(373e) Optimal Production of Solar Photovoltaic Panels in Mexico through a Hybrid Machine Learning and Mathematical Programming Approach | AIChE

(373e) Optimal Production of Solar Photovoltaic Panels in Mexico through a Hybrid Machine Learning and Mathematical Programming Approach

Authors 

Lira-Barragán, L. F. - Presenter, Universidad Michoacana de San Nicolás de Hidalgo
Ramírez-Márquez, C., Universidad de Guanajuato
Rubio-Castro, E., Universidad Autónoma de Sinaloa
Ponce-Ortega, J. M., Universidad Michoacana de San Nicolas de Hidalgo
Nowadays, solar energy technology represents the third most widely applied renewable energy source in the world, behind only hydroelectric and wind power. Electricity generated from fossil fuels generates CO2 emissions ranging between 400 to 1,000 gCO2 eq/kWh, while the emissions from silicon-based solar panels range from 98.3 to 149.3 g CO2 eq/kWh, with an average value of 123.8 g CO2 eq/kWh. Hence, photovoltaic (PV) technology represents promising opportunities to meet future global energy demand in an environmentally friendly manner. In recent decades, the uptake of solar PV has grown considerably, establishing a strong global market for solar panels capable of producing clean energy. Furthermore, it is projected that photovoltaic electricity will dominate the world's energy supply before the end of the 21st century. The last decade has been exceptionally significant for solar PV, with the worldwide installed capacity for solar power generation comparable to other energy production technologies. Indeed, solar energy has contributed more new capacity than the combined capacity of both nuclear and fossil fuel power generation.
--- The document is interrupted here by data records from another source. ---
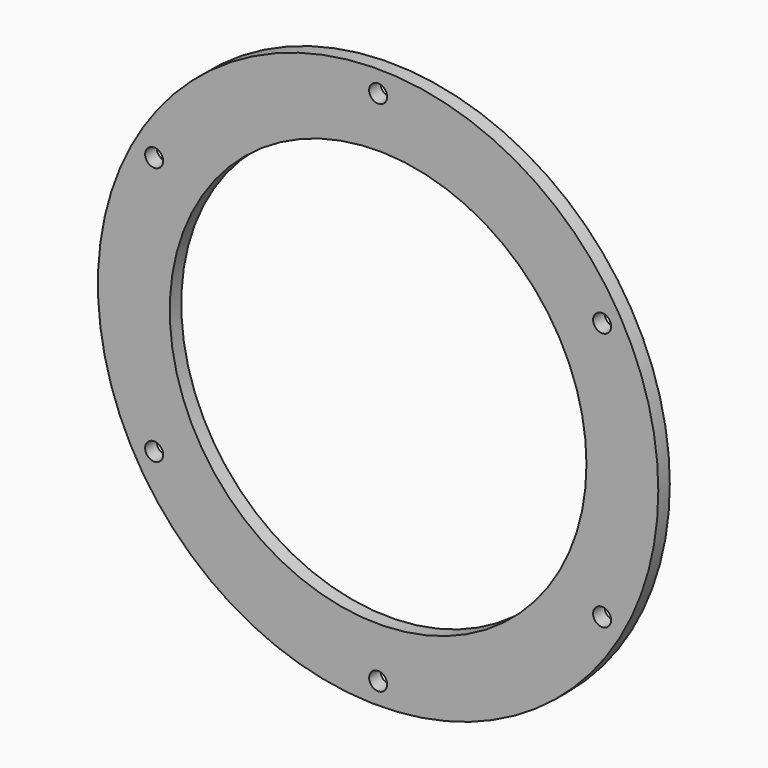
from build123d import *

# Parameters (mm, degrees)
F0_R            = 39
F0_R_2          = 29
F1_DEPTH        = 2
F2_R            = 1.25
F3_DEPTH        = 2.001
F3_COPIES_COUNT = 6


# Not quite as in the source:
# - a pattern or mirror of a feature is missing from the dataset's text; its kind, count and spacing are read off the source's solid


with BuildPart() as f1:
    # F0 (on Front) → F1 (new body)
    with BuildSketch(Plane.XZ):
        Circle(F0_R)
        Circle(F0_R_2, mode=Mode.SUBTRACT)
    extrude(amount=F1_DEPTH)

    # F2 (on face) → F3 (cut, through all)
    with BuildSketch(Plane.XZ.offset(2)):
        with Locations((31.1769145362, 18)):
            Circle(F2_R)
    f3 = extrude(amount=-F3_DEPTH, mode=Mode.SUBTRACT)

    # F3_copies: F3 ×6 about axis
    f3_copies_axis = Axis((0, 0, 0), (0, 1, 0))
    for i in range(1, F3_COPIES_COUNT):
        add(f3.rotate(f3_copies_axis, i * 360 / F3_COPIES_COUNT), mode=Mode.SUBTRACT)


solid = f1.part
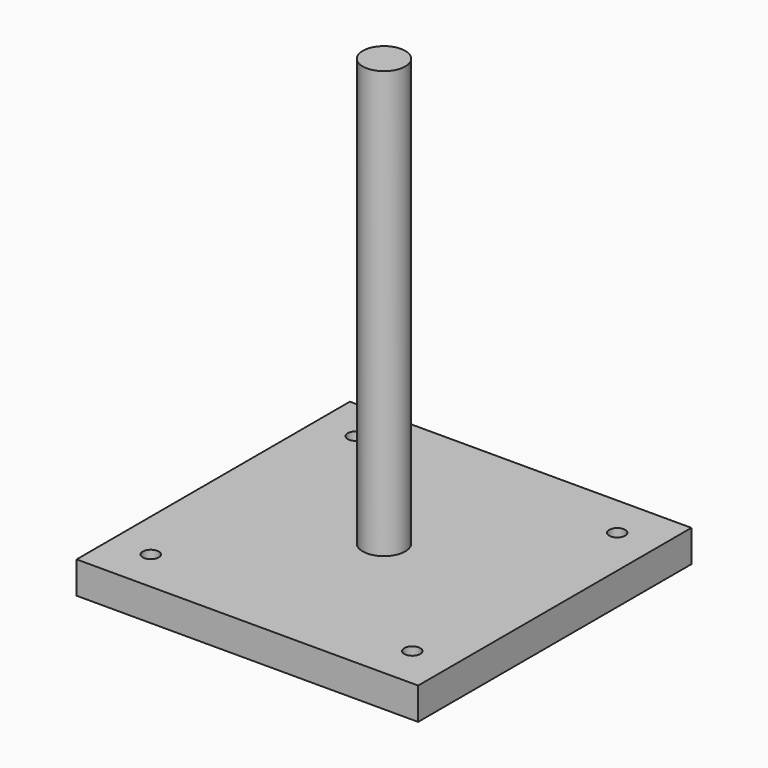
from build123d import *

# Parameters (mm, degrees)
F0_W     = 203.2
F0_H     = 203.2
F1_DEPTH = 19.05
F3_D     = 9.525
F4_R     = 12.6365
F5_DEPTH = 254


# Not quite as in the source:
# - a length typed as a fraction of an inch, garbled in the dataset ("3 / 203.2 mm" for 3/8 in), is restored


with BuildPart() as f1:
    # F0 (on Top) → F1 (new body)
    with BuildSketch(Plane.XY):
        Rectangle(F0_W, F0_H)
    extrude(amount=F1_DEPTH)

    # F3 (through all)
    with Locations(Plane.XY.offset(19.05)):
        with Locations((-77.7875, 76.2), (77.7875, 76.2), (-77.7875, -76.2), (77.7875, -76.2)):
            Hole(F3_D / 2)

    # F4 (on face) → F5 (join)
    with BuildSketch(Plane.XY.offset(19.05)):
        Circle(F4_R)
    extrude(amount=F5_DEPTH)


solid = f1.part

Latin America, with Mexico in a prominent position, looms as a region full of promising opportunities in the PV market. This potential is driven by its abundant solar resources, rapid growth in electricity demand, and a progressive legislative environment conducive to the widespread adoption of renewable energy. Mexico, in particular, plays a crucial role in this context, positioned alongside its Latin American colleagues, because it combines significant levels of solar irradiation with an attractive market that captures the attention of potential investors. Brazil has also charted a unique path in the region by effectively integrating solar PV into energy auctions, which has led to a remarkable increase in the number of solar PV installations that are seamlessly connected to the grid. However, while other countries in the region are gradually adopting PV in their energy matrices, a proactive effort is underway to implement programs and mechanisms aimed at accelerating the proliferation of PV projects.

However, with the increase in the number of solar PV installations, the challenge of achieving large-scale, sustainable solar panel production becomes even more crucial. In Mexico, the development of a local industry value chain remains a significant obstacle. Currently, the country has 10 local solar PV panel manufacturers that collectively contribute to an annual production capacity of 1.5 GW. This highlights the growing importance of strengthening a strong domestic supply chain to meet the demands of solar energy expansion in Mexico. It underscores the growing momentum of the solar sector in Mexico, although there is still potential for further growth and to establish a strong domestic supply chain to support the expansion of the industry.

Surprisingly, there is a significant paucity of models reported in the literature that employ Machine Learning for efficient optimization of renewable energy systems. These strategies can be used to generate models with various applications, such as classification models, regression models, or models capable of predicting future data from data sequences.

Therefore, in this work, a novel approach has been developed and implemented in Mexico. An Artificial Neural Networks (ANN) model has been built, that estimates raw material quantities, costs, water, and energy usage, and polycrystalline silicon production for PV panel plants. Sophisticated optimization challenges have been met by meticulously integrating the ANN model into an advanced Non-Linear Programming (NLP) framework, skillfully implemented and run in the Pyomo library. However, the genuine innovation lies in this pioneering approach that allows seamless integration of the ANN model into the optimization process, with the support of the Optimization and Machine Learning Toolkit (OMLT) library. This seamless integration facilitates the creation of individually tailored surrogate models for each PV production plant, considering a wide range of variables and constraints, such as production schedules and lead times. This improves the accuracy and applicability of the methodology. This work introduces several key innovations. Firstly, it presents a multi-objective mathematical model that thoroughly examines the optimal production process of solar PV panels, covering the entire production sequence from polycrystalline silicon to wafers, cells, and modules. Additionally, an innovative optimization approach incorporating both ANN models and mathematical programming models is applied. In particular, the creation of ANN models for polycrystalline silicon production plants is particularly noteworthy, involving meticulous fine-tuning of hyperparameters such as the number of hidden layers, the number of neurons in the hidden layers, and the learning rate. Furthermore, the study assesses the Mexico's potential and capacity to enter the global solar panel production market. Finally, the research successfully predicts the waste production attributed to solar PV panels currently installed throughout Mexico.